Second, let’s do a deeper dive into what we know about today’s adolescents before we make such generalizations based on what a few teachers say. Adolescents do respond well to classrooms of agency, developmentally appropriate instruction, complex, demanding instruction, and hope. This means we require students to do the heavy lifting to analyze their practice work against standards of excellence and use that knowledge to inform next steps in learning while being assured that these assignments are only progress checks, not the ultimate judgment of competence. When early attempts at mastery are not used against them, and accountability comes in the form of actually learning content, adolescents flourish. No research in our profession concludes that knowingly falsifying grade reports is an effective way to help students mature and deal with the distractions of teenage life.

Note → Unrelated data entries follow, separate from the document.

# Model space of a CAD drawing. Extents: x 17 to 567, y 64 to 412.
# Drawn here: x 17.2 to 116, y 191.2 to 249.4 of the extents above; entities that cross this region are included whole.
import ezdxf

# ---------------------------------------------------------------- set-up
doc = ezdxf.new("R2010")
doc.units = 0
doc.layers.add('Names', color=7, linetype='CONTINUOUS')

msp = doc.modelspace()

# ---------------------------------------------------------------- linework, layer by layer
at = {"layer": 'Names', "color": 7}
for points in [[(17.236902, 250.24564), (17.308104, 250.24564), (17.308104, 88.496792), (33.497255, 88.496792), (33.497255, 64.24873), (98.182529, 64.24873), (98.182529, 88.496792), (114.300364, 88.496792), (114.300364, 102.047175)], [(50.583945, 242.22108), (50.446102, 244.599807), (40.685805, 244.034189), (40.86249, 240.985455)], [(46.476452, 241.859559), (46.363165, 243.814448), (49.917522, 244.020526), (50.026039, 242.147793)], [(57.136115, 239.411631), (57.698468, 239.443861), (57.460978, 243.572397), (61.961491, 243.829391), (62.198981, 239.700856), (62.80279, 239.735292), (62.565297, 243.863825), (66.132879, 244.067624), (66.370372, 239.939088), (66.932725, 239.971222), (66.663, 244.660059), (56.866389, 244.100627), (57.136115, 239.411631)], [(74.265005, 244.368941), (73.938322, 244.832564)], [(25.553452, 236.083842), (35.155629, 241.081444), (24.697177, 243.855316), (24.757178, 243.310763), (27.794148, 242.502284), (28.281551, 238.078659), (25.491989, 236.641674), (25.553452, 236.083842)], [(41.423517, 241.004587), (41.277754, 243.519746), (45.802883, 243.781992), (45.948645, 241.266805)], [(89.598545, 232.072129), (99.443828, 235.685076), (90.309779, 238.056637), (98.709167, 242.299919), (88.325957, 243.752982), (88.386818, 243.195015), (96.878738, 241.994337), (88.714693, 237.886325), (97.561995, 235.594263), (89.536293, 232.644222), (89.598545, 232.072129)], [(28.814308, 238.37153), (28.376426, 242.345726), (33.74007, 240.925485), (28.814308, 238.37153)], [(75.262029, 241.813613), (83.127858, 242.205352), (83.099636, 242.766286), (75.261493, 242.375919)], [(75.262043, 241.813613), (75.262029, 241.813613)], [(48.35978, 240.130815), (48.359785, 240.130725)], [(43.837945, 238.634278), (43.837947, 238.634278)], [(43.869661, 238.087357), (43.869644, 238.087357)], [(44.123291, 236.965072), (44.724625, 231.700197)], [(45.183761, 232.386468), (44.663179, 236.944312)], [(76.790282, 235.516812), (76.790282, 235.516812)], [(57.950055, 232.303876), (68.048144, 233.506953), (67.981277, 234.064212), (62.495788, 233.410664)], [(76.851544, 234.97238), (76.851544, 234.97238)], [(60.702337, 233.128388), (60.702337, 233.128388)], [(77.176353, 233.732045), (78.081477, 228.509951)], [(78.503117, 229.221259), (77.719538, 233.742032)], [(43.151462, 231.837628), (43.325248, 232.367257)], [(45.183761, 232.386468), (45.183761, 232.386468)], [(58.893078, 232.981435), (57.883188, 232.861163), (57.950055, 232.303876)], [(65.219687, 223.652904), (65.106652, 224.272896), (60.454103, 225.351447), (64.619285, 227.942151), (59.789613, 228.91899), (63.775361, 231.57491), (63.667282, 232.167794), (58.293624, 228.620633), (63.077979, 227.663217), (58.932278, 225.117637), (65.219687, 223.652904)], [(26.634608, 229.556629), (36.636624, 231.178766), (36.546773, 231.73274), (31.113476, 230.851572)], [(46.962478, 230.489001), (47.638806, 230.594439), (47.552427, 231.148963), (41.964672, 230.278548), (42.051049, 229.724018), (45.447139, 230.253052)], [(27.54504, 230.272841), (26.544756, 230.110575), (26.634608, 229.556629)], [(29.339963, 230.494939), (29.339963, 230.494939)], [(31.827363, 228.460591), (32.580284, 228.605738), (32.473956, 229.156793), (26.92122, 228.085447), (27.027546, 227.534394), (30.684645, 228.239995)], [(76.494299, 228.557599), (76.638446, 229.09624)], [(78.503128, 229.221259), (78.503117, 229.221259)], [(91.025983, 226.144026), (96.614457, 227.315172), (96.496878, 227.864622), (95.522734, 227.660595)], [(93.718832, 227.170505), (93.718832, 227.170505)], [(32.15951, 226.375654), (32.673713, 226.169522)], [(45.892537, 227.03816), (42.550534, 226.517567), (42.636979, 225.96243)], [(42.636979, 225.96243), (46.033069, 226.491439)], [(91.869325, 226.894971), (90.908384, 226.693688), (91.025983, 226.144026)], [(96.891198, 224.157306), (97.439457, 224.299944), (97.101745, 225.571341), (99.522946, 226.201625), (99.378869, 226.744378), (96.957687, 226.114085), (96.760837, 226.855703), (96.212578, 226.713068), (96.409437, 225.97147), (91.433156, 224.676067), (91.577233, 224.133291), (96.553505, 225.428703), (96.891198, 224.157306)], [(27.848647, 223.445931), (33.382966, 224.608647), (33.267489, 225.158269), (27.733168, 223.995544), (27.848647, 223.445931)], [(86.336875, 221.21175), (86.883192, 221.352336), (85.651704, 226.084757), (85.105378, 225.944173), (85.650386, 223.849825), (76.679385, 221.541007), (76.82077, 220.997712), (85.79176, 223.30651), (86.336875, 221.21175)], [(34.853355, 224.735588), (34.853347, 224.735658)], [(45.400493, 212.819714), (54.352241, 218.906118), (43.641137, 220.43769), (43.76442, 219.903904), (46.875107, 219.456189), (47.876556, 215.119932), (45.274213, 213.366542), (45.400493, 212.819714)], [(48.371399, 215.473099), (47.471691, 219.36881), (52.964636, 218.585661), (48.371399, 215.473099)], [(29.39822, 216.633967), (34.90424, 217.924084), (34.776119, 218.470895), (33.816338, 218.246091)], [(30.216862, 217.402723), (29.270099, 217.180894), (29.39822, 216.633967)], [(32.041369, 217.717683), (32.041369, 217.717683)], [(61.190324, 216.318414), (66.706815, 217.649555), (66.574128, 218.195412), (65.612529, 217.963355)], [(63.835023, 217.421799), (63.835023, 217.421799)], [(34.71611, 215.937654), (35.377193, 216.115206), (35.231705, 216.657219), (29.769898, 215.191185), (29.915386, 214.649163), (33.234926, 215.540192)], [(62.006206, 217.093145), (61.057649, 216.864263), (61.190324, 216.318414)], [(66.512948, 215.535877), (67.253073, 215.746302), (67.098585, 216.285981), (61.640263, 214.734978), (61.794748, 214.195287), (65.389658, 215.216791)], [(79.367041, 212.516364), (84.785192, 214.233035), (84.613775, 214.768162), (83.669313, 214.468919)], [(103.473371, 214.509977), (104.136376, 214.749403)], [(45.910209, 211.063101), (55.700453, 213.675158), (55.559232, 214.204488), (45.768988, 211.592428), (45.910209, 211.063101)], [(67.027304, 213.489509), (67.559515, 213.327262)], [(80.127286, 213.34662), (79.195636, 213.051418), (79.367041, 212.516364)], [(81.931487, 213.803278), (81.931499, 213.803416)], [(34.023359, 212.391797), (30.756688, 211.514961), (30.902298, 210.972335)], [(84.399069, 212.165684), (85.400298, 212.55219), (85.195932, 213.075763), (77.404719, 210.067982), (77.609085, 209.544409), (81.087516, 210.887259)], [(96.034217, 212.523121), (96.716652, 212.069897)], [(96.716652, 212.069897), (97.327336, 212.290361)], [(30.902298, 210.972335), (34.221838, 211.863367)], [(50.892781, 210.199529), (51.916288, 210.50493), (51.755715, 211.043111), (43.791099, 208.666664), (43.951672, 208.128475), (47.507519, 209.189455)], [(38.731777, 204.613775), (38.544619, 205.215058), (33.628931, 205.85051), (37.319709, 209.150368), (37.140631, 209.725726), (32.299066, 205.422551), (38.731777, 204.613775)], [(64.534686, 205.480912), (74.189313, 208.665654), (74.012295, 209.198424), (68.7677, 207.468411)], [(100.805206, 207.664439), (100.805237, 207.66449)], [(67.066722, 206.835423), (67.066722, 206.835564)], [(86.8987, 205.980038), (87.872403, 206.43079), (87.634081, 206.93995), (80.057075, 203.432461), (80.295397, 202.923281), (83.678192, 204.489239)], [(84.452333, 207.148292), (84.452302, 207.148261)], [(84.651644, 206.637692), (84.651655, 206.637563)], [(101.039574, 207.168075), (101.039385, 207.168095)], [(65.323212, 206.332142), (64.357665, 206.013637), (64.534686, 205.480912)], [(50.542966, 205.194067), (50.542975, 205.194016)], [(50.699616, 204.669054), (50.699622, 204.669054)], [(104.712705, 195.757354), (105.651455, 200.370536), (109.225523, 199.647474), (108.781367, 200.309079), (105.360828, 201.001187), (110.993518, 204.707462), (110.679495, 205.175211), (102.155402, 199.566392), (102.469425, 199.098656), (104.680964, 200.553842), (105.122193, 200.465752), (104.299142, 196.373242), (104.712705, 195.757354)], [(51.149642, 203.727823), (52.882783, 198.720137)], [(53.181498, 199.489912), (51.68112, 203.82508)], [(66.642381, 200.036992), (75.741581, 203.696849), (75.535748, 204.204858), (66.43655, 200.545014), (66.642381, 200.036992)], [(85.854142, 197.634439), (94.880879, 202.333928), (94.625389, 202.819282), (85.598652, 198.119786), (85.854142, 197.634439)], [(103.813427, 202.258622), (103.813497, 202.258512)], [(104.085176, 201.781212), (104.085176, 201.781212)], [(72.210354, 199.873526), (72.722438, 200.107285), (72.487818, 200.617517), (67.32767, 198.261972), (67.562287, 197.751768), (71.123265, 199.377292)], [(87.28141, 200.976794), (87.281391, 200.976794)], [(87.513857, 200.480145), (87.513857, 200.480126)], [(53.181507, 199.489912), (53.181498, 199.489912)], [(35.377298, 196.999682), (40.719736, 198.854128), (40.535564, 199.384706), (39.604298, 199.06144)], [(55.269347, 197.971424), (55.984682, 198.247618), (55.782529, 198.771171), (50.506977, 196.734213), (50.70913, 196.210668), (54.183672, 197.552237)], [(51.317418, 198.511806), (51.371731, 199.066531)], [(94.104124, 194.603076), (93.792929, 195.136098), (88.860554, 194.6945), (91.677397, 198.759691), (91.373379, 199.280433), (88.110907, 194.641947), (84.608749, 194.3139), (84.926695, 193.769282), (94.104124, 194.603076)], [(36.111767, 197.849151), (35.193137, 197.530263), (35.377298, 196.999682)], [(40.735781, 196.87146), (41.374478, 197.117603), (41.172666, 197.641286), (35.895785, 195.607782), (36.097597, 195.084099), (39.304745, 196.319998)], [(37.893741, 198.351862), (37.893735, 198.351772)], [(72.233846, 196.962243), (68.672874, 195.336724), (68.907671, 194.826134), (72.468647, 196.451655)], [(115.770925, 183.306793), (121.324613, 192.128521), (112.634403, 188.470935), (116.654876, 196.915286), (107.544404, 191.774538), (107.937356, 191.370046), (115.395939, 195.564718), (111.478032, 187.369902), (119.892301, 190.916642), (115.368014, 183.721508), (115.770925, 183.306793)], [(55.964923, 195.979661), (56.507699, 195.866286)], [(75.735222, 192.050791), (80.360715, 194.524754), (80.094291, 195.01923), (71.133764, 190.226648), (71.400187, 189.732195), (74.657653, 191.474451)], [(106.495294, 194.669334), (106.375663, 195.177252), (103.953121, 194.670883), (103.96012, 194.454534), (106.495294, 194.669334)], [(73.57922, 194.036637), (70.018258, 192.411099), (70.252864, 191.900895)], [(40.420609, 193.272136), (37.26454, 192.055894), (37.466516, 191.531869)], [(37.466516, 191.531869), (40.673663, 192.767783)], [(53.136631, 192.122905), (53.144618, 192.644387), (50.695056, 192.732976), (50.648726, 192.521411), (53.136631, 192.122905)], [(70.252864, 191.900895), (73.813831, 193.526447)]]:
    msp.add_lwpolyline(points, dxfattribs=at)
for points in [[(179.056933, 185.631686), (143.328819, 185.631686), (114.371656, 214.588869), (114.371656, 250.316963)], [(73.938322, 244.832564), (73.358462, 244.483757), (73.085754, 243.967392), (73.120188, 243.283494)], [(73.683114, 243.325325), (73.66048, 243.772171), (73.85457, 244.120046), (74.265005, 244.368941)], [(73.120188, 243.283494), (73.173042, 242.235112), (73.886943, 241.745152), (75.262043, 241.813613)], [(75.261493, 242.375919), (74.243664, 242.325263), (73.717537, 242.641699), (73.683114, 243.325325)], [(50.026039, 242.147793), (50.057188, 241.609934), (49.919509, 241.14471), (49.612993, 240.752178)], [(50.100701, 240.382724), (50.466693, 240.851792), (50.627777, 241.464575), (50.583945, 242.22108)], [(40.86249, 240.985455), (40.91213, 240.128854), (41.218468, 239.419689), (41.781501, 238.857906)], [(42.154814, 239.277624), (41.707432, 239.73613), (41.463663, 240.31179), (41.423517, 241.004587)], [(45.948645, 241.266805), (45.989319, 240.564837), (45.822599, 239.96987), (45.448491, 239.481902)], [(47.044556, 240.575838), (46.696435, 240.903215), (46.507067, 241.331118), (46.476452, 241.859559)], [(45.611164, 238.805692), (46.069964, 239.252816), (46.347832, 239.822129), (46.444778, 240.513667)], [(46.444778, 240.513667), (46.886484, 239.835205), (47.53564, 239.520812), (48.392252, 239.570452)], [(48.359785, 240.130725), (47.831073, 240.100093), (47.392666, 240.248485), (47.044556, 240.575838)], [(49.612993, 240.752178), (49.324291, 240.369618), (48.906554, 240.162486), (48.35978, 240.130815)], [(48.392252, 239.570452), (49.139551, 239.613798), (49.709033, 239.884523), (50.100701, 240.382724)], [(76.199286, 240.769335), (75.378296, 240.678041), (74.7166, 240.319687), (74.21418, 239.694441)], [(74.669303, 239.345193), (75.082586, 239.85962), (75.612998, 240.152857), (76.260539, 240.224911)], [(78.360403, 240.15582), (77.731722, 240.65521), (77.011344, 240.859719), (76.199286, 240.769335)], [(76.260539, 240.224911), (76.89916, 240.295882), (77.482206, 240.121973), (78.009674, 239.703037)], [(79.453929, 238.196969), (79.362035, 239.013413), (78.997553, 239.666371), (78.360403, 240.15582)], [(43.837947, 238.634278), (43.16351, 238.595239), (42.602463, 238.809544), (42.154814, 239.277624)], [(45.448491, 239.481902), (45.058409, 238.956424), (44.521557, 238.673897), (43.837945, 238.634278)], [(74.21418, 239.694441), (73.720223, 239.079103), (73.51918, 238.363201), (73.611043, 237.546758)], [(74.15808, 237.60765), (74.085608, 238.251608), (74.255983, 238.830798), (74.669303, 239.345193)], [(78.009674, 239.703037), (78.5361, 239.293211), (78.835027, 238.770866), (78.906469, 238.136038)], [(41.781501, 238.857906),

Let’s implement the practices that lead to student success. Coercive efforts such as counting homework completion and timeliness in an academic grade are about control, not learning or student maturation. Work completion and timeliness are deeply important virtues, of course, but conflating them with academic performance provides a false sense that students are learning and maturing. Homework completion should count 100 percent, and timeliness of assignment submissions should count 100 percent. Yes, quote me correctly, both should count 100 percent — of their own columns on the report card. They should count 0 percent, however, of the report of what students know about mitosis or coding in Python.
Accountability can be defined as entering mutual ethos with one another: I’m looking out for your success as much as you are looking out for mine. As teachers, that means we come prepared to teach diverse students substantive content and skills, and we hold ourselves accountable to powerful ethics as professionals. We study the role of homework in student learning, and we don’t undermine its positive effects by conflating what should be practice with high stakes, final designations of competence. In this, our students are well served.